Ute Kircheis-Wessel

Personal information
- Born: 18 May 1953 (age 73) North Rhine-Westphalia, West Germany
- Height: 1.70 m (5 ft 7 in)
- Weight: 60 kg (132 lb)

Sport
- Sport: Fencing

Medal record
Representing West Germany
Olympic Games
| Gold medal – first place | 1984 Los Angeles | Foil, team |
World Fencing Championships
| Silver medal – second place | 1977 Buenos Aires | Team foil |
| Silver medal – second place | 1981 Clermont-Ferrand | Team foil |
| Silver medal – second place | 1983 Vienna | Team foil |
| Bronze medal – third place | 1979 Melbourne | Team foil |

= Ute Kircheis-Wessel =

German fencer (born 1953)

Ute Kircheis-Wessel (born Ute Kircheis on 18 May 1953) is a retired German fencer.
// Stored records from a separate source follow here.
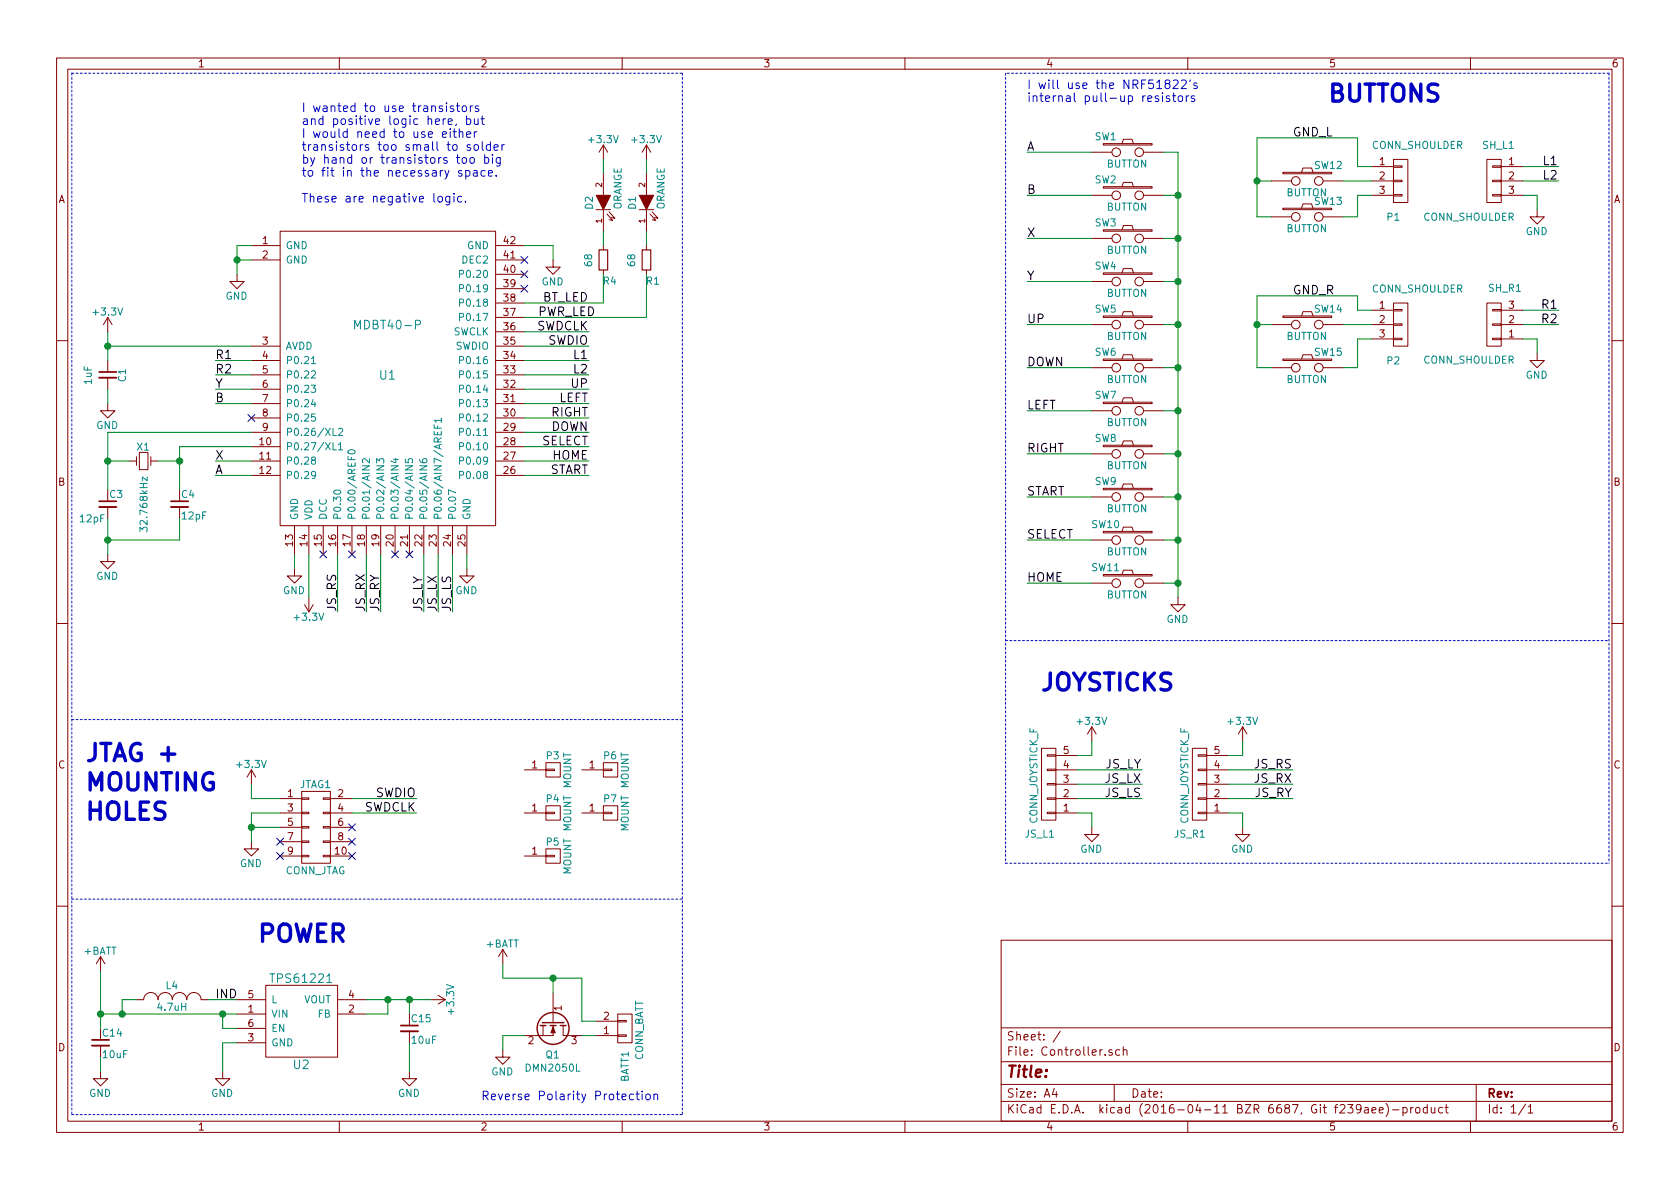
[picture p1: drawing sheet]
<svg xmlns="http://www.w3.org/2000/svg" width="297mm" height="210mm" viewBox="0 0 297 210" stroke-linecap="round" stroke-linejoin="round" font-family="sans-serif">
<g fill="none" stroke="#840000" stroke-width=".18">
<path d="M10 10.3h277v189.9h-277zM12 12.2h273v186.1h-273zM60 10.3v1.9M110 10.3v1.9M160 10.3v1.9M210 10.3v1.9M260 10.3v1.9M105.4 37.1h2.5M106.7 25.6v2.6M106.7 30.7v3.8M106.7 37.1v3.8M106.7 25.6l-.8 1.3"/>
<path d="M106.7 25.6l.7 1.3M107.3 37.8l1 1.2-.6-.1M107.7 37.5l1 1.1-.6-.1M113 37.1h2.6M114.3 25.6v2.6M114.3 30.7v3.8M114.3 37.1v3.8M114.3 25.6l-.8 1.3M114.3 25.6l.8 1.3M114.9 37.8l1.1 1.2-.7-.1M115.3 37.5l1 1.1-.6-.1M193 26.9h3.6"/>
<path d="M193 34.5h3.6M195.1 25.4h8.6v.2h-8.6zM195.1 33h8.6v.3h-8.6zM198.4 25.4l.2-.8h1.6l.2 .8M198.4 33l.2-.7h1.6l.2 .7M202.2 26.9h3.5M202.2 34.5h3.5M224.8 32h3.5M224.8 38.3h3.5M226.8 30.5h8.7v.2h-8.7zM226.8 36.8h8.7v.3h-8.7zM230.1 30.5l.3-.8h1.5l.3 .8"/>
<path d="M230.1 36.8l.3-.7h1.5l.3 .7M233.9 32h3.6M233.9 38.3h3.6M242.6 34.5h3.8M242.6 32h3.8M242.6 29.5h3.8M246.4 34.4h1.5v.3h-1.5zM246.4 31.9h1.5v.2h-1.5zM246.4 29.3h1.5v.3h-1.5zM246.4 28.2h2.5v7.6h-2.5zM262.9 28.2h2.5v7.6h-2.5zM263.9 34.4h1.5v.3h-1.5z"/>
<path d="M263.9 31.9h1.5v.2h-1.5zM263.9 29.3h1.5v.3h-1.5zM265.4 34.5h3.8M265.4 32h3.8M265.4 29.5h3.8M271.8 37.1v1.2h-1.3l1.3 1.3 1.2-1.3h-1.2M19 56.1v2.6M19 56.1l-.7 1.3M19 56.1l.8 1.3M41.9 48.5v1.3h1.3l-1.3 1.2-1.3-1.2h1.3M44.4 43.4h5.1M44.4 46h5.1"/>
<path d="M49.5 40.9h38.1v52.1h-38.1zM87.6 43.4h5.1M87.6 46h5.1M87.6 48.5h5.1M87.6 58.7h5.1M87.6 56.1h5.1M87.6 53.6h5.1M87.6 51h5.1M97.8 46v1.2h1.3l-1.3 1.3-1.3-1.3h1.3M106.7 43.4v.8M106.7 47.7v.8M114.3 43.4v.8"/>
<path d="M114.3 47.7v.8M193 42.2h3.6M193 49.8h3.6M193 57.4h3.6M195.1 40.6h8.6v.3h-8.6zM195.1 48.3h8.6v.2h-8.6zM195.1 55.9h8.6v.2h-8.6zM198.4 40.6l.2-.7h1.6l.2 .7M198.4 48.3l.2-.8h1.6l.2 .8M198.4 55.9l.2-.8h1.6l.2 .8M202.2 42.2h3.5M202.2 49.8h3.5"/>
<path d="M202.2 57.4h3.5M224.8 57.4h3.5M226.8 55.9h8.7v.2h-8.7zM230.1 55.9l.3-.8h1.5l.3 .8M233.9 57.4h3.6M242.6 57.4h3.8M242.6 54.9h3.8M242.6 59.9h3.8M246.4 59.8h1.5v.3h-1.5zM246.4 57.3h1.5v.2h-1.5zM246.4 54.7h1.5v.3h-1.5zM246.4 53.6h2.5v7.6h-2.5z"/>
<path d="M262.9 53.6h2.5v7.6h-2.5zM263.9 54.7h1.5v.3h-1.5zM263.9 57.3h1.5v.2h-1.5zM263.9 59.8h1.5v.3h-1.5zM265.4 57.4h3.8M265.4 54.9h3.8M265.4 59.9h3.8M10 60.2h2M19 71.4v1.2h-1.2l1.2 1.3 1.3-1.3h-1.3M19 63.7v2M19 66.8v2M44.4 61.2h5.1"/>
<path d="M44.4 63.7h5.1M44.4 66.3h5.1M44.4 68.8h5.1M44.4 71.4h5.1M44.4 73.9h5.1M44.4 76.4h5.1M44.4 79h5.1M87.6 61.2h5.1M87.6 63.7h5.1M87.6 66.3h5.1M87.6 68.8h5.1M87.6 71.4h5.1"/>
<path d="M87.6 73.9h5.1M87.6 76.4h5.1M87.6 79h5.1M193 65h3.6M193 72.6h3.6M195.1 63.5h8.6v.2h-8.6zM195.1 71.1h8.6v.3h-8.6zM195.1 78.7h8.6v.3h-8.6zM198.4 63.5l.2-.8h1.6l.2 .8M198.4 71.1l.2-.7h1.6l.2 .7M198.4 78.7l.2-.7h1.6l.2 .7M202.2 65h3.5"/>
<path d="M202.2 72.6h3.5M224.8 65h3.5M226.8 63.5h8.7v.2h-8.7zM230.1 63.5l.3-.8h1.5l.3 .8M233.9 65h3.6M271.8 62.5v1.2h-1.3l1.3 1.3 1.2-1.3h-1.2M285 60.2h2M19 98v1.3h1.3l-1.3 1.3-1.2-1.3h1.2M19 89.7v2M22.9 81.5h1.2M24.1 80.8v1.5M24.6 80h1.6v3.1h-1.6z"/>
<path d="M26.7 81.5h1.2M26.7 80.8v1.5M31.7 89.7v2M44.4 81.5h5.1M44.4 84.1h5.1M52.1 93v5M54.6 93v5M57.1 93v5M59.7 93v5M62.2 93v5M64.8 93v5M67.3 93v5"/>
<path d="M69.8 93v5M72.4 93v5M74.9 93v5M77.5 93v5M80 93v5M82.5 93v5M87.6 81.5h5.1M87.6 84.1h5.1M193 80.3h3.6M193 87.9h3.6M193 95.5h3.6M195.1 86.4h8.6v.2h-8.6z"/>
<path d="M195.1 94h8.6v.2h-8.6zM198.4 86.4l.2-.8h1.6l.2 .8M198.4 94l.2-.8h1.6l.2 .8M202.2 80.3h3.5M202.2 87.9h3.5M202.2 95.5h3.5M10 110.3h2M52.1 100.6v1.2h-1.3l1.3 1.3 1.2-1.3h-1.2M53.8 106.9l.8 1.3M54.6 105.7v2.5M55.4 106.9l-.8 1.3M82.5 100.6v1.2h-1.2l1.2 1.3 1.3-1.3h-1.3"/>
<path d="M193 103.1h3.6M195.1 101.6h8.6v.2h-8.6zM198.4 101.6l.2-.8h1.6l.2 .8M202.2 103.1h3.5M208.3 105.7v1.2h-1.3l1.3 1.3 1.2-1.3h-1.2M285 110.3h2M44.4 136.1l-.7 1.3M44.4 136.1v2.6M44.4 136.1l.8 1.3M53.3 139.9h5.1v12.7h-5.1zM92.7 136.1h3.8M96.5 136h1.5v.3h-1.5z"/>
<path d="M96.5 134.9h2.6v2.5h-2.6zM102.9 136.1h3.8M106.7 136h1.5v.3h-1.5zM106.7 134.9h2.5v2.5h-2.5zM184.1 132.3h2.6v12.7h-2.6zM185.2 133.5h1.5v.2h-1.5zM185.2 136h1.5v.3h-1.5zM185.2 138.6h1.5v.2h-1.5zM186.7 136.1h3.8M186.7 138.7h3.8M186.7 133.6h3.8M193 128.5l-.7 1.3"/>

She won a gold medal in the women's team foil at the 1984 Summer Olympics. At the 1976 Summer Olympics she finished in 32nd and fourth place in the individual and team foil events, respectively. She won four medals at world championships in the team foil between 1977 and 1983. Her brother-in-law Friedrich Wessel is also an Olympic foil fencer.